Ginger root has been used as a health-boosting tonic in ancient India and China for more than 5,000 years. And while it’s the star of this modern-day tonic, you’ll find most people mix ginger shots with other ingredients like lemon, honey, or turmeric to help offset the spice’s naturally strong taste. Making your own ginger shots at home will give you the freshest, most potent sipper. But you can also find pre-made bottled varieties at supermarkets and health food stores for those days when you’re short on time.
If you’re new to ginger shots, start slow. “Moderation is always recommended when first trying ginger shots,” says Kimberlee Blyden-Taylor, ND, MSc, chief medical officer at Sonoran University of Health Sciences in Tempe, AZ. A dose of pure ginger can potentially irritate your mouth or sinuses the first time you try it. To gradually adjust to this spicy sipper, try diluting your ginger shot in a small glass of water or apple juice, suggests Schoffro Cook. This lessens its impact on your mucous membranes.
When to avoid ginger shots
While the vast majority of folks can take ginger shots without issue, there are some people who should avoid the tonic. “Those taking blood thinning drugs may need to exercise caution while using ginger shots, particularly over longer periods of time — or potentially avoid them altogether,” she explains. That’s because research in the journal PLOS ONE suggests ginger may increase bleeding risk. (Instead of ginger, consider apple cider vinegar.
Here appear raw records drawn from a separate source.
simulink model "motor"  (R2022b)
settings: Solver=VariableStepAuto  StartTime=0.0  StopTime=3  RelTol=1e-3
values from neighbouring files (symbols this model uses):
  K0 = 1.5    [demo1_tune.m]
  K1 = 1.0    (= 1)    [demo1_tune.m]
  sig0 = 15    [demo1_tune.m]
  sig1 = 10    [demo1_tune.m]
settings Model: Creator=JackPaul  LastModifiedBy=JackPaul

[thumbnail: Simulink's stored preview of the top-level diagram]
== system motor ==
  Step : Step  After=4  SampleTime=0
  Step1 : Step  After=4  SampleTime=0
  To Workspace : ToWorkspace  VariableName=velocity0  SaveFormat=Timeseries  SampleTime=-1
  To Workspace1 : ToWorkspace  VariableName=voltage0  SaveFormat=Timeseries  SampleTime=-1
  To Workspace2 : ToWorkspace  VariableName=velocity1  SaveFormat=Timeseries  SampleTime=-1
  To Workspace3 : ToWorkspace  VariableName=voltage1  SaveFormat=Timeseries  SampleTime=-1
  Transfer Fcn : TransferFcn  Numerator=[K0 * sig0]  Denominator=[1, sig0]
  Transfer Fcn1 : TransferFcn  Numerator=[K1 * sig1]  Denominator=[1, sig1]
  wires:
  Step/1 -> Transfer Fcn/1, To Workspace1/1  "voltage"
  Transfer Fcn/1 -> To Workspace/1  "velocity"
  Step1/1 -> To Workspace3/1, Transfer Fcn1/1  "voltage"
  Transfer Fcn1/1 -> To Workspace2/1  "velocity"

Click through to learn how the tonic is a natural remedy for kidney stones.)
And ginger’s spicy nature, in the form of concentrated shots “makes it unsuitable for people with uncontrolled heartburn or GERD, stomach ulcers or active diarrhea,” explains Blyden-Taylor. (Click through to see our best fast-acting home remedies for heartburn relief.)
That said, ginger shots boats a wealth of health benefits for those who are able to enjoy them, especially when it comes to fending off illness.
How ginger shots boost immunity
“Ginger is a great antibacterial and antiviral remedy, making it ideal to ward off whatever nasty infection or seasonal bug is going around,” notes Schoffro Cook. And when it comes to blocking colds and viruses, fresh ginger shots have an advantage over dried ginger teas or supplements. Why? “Research shows that fresh ginger is far more effective than dried, yet most ginger products use dried ginger.”
1. Ginger shots block respiratory infections
A study in the Journal of Ethnopharmacology study found fresh ginger was significantly more effective than dried ginger at blocking respiratory tract viruses. Researchers say fresh ginger works by stimulating mucous cells to release a compound (IFN-β) that activates the immune system’s defenses to block viral invaders.
And if you do catch a respiratory bug, ginger can speed recovery. A separate Columbia University study suggests that ginger’s 6-shogaol compound reduces lung inflammation, eases airway sensitivity, and activates immune cells to encourage healing. (Click through to learn how ginger can help relieve ragweed allergies, too.)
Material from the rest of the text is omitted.